Require male circumcision
In the Bible, Abraham was commanded by God to undergo circumcision, as a sign of the divine covenant established between them. This requirement was subsequently inherited by all of Abraham’s male descendants; accordingly, it has since remained an established practice throughout the long history of Judaism. According to the Torah (the first section of the Hebrew Bible), male Jewish newborns are to be circumcised on the eighth day after their birth. This occasion is commonly known as a bris (short for “covenant of circumcision”), and has the status of a religious ceremony. The actual procedure is performed by a trained Jewish specialist known as a mohel (“circumciser”), and a celebratory meal follows the ritual. Although it is not commanded by the Quran, male circumcision is mentioned approvingly in hadith collections (compiled sayings or deeds of the prophet Muhammad, looked up to by faithful Muslims as a reliable guide to understanding and behavior). Muhammad himself was circumcised, as were previous prophets going all the way back to Abraham. Consequently, male circumcision (known as khitan or tahara) has been a common standard practice — a virtual requirement — in Islam since its earliest days. Most Muslims consider the rite obligatory, and even those who may not still regard the practice as religiously meritorious and highly recommended.
Specific timing and associated customs regarding the rite of circumcision vary from Islamic culture to Islamic culture.

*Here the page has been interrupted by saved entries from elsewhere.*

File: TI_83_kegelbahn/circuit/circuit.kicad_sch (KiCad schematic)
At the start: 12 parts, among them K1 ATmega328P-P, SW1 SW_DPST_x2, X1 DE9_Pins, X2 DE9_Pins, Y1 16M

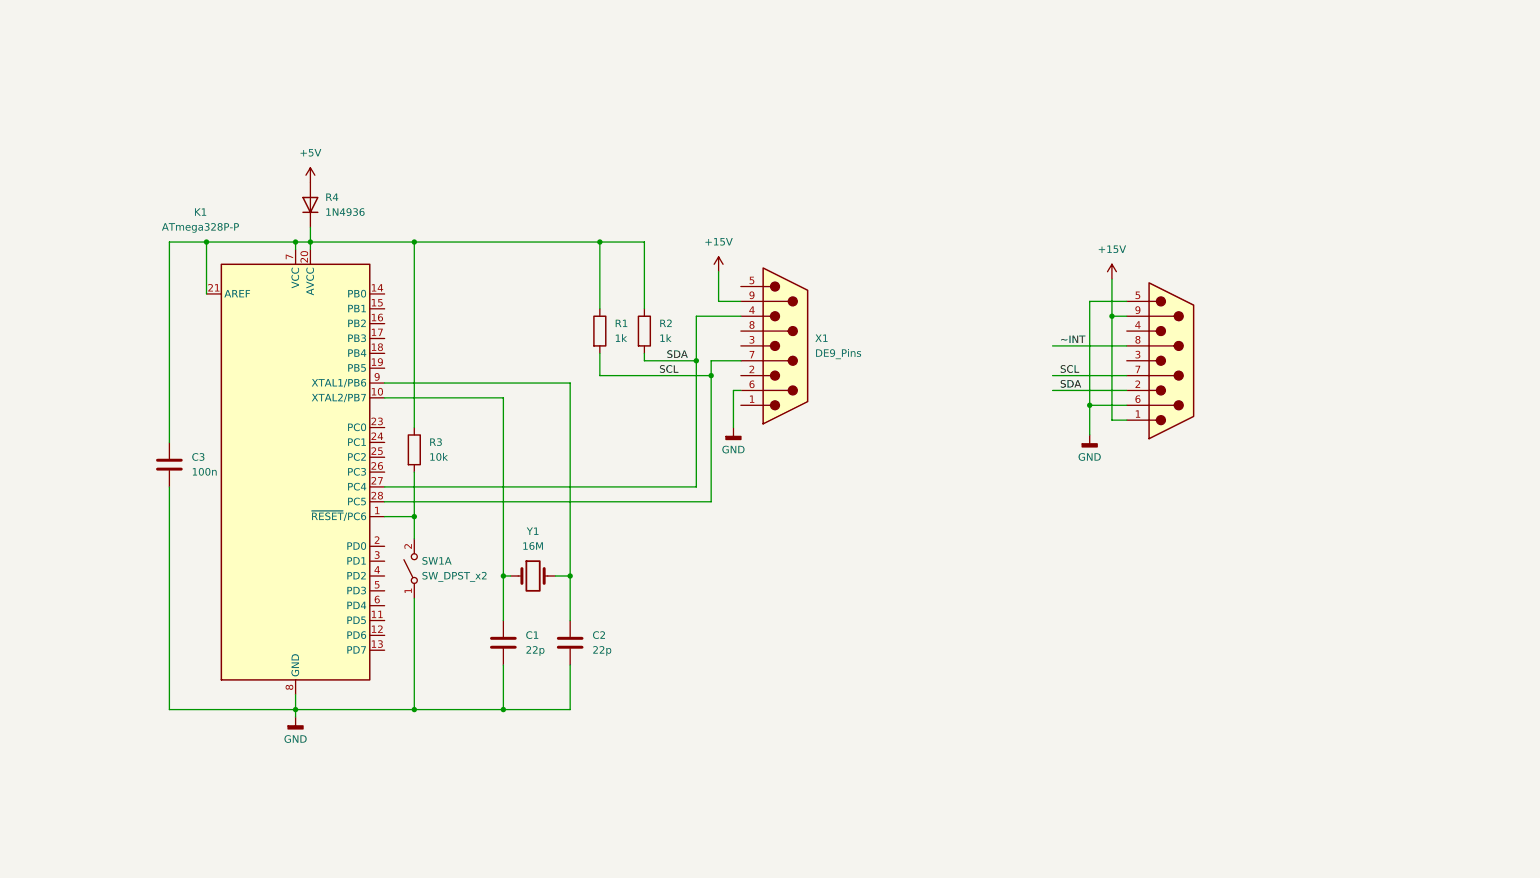
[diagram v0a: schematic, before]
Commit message: docs(kegelbahn): Kegelbahnanzeige mit AT90CAN32
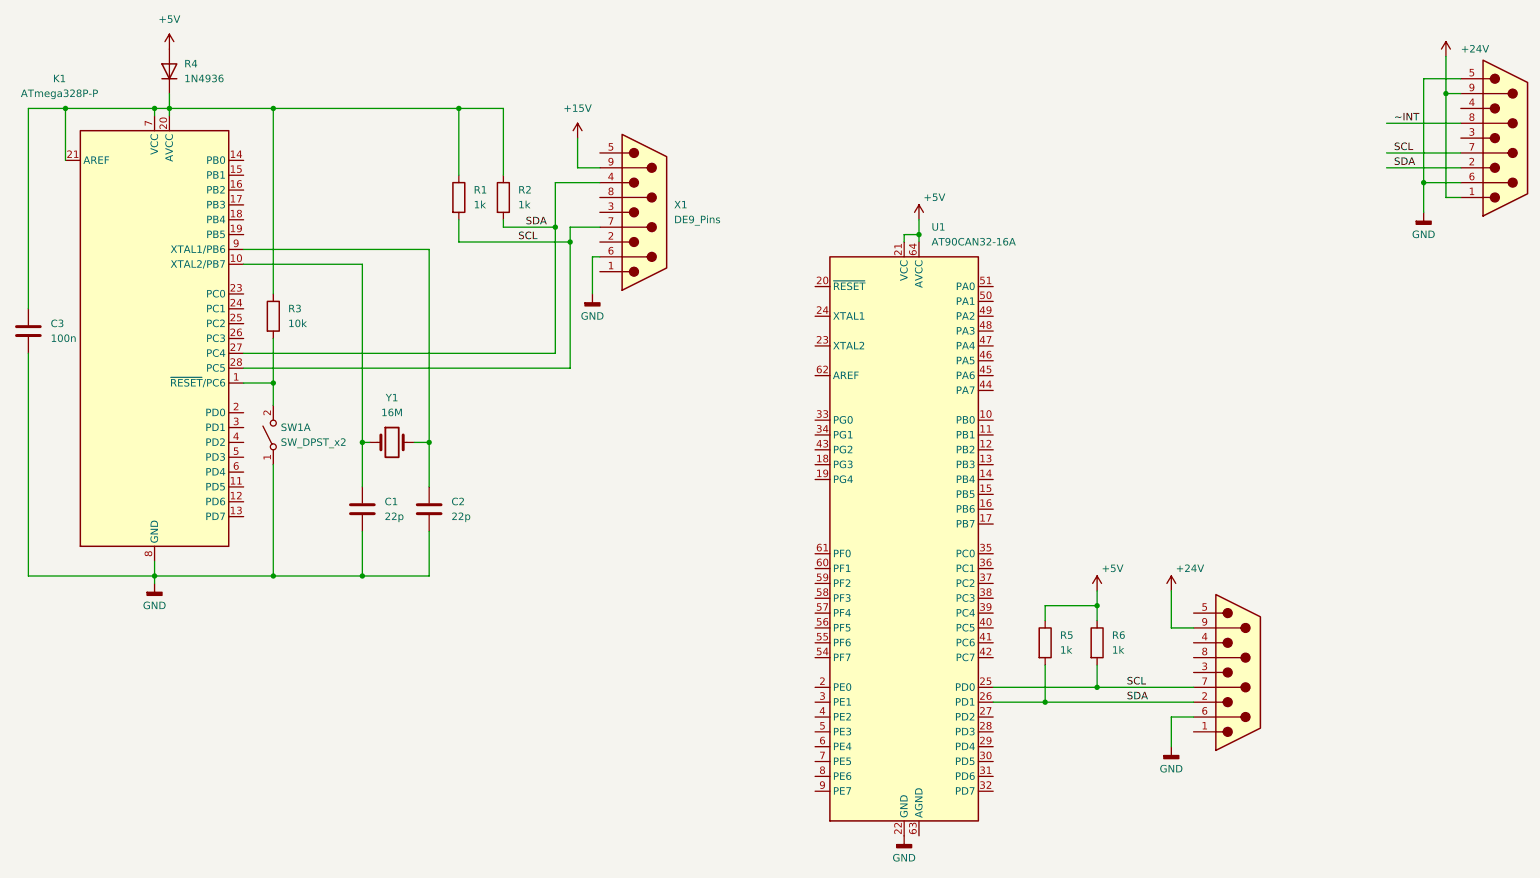
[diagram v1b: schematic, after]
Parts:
- added R5, R6: 1k, symbol Device:R
- added U1: AT90CAN32-16A, Package_QFP:TQFP-64_14x14mm_P0.8mm, symbol MCU_Microchip_AVR:AT90CAN32-16A
- added X3: DE9_Pins, symbol Connector:DE9_Pins
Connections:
- net +15V: no longer X2.1, X2.9
- net +5V: now also R5.1, R6.1, U1.21 (VCC), U1.52 (VCC), U1.64 (AVCC)
- net GND: now also U1.22 (GND), U1.53 (GND), X3.6
- net SCL: now also R6.2, U1.25 (PD0), X3.7
- net SDA: now also R5.2, U1.26 (PD1), X3.2
- new net +24V: X2.1, X2.9, X3.9
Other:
- moved on the sheet: C1, C2, C3, K1, R1, R2, R3, R4, SW1A, X1, Y1

In some area, boys traditionally undergo it as a puberty rite, or similar youthful rite of passage (for example, upon memorizing the Quran in its entirety); elsewhere, it may be performed shortly after birth, by a doctor in a modern hospital. While no particular age is specified for the rite, somewhere around the age of seven is a common and widespread practice. In contrast with their Judaic and Islamic cousins (all three being regarded as Abrahamic faiths), most Christians do not regard circumcision as a religious obligation.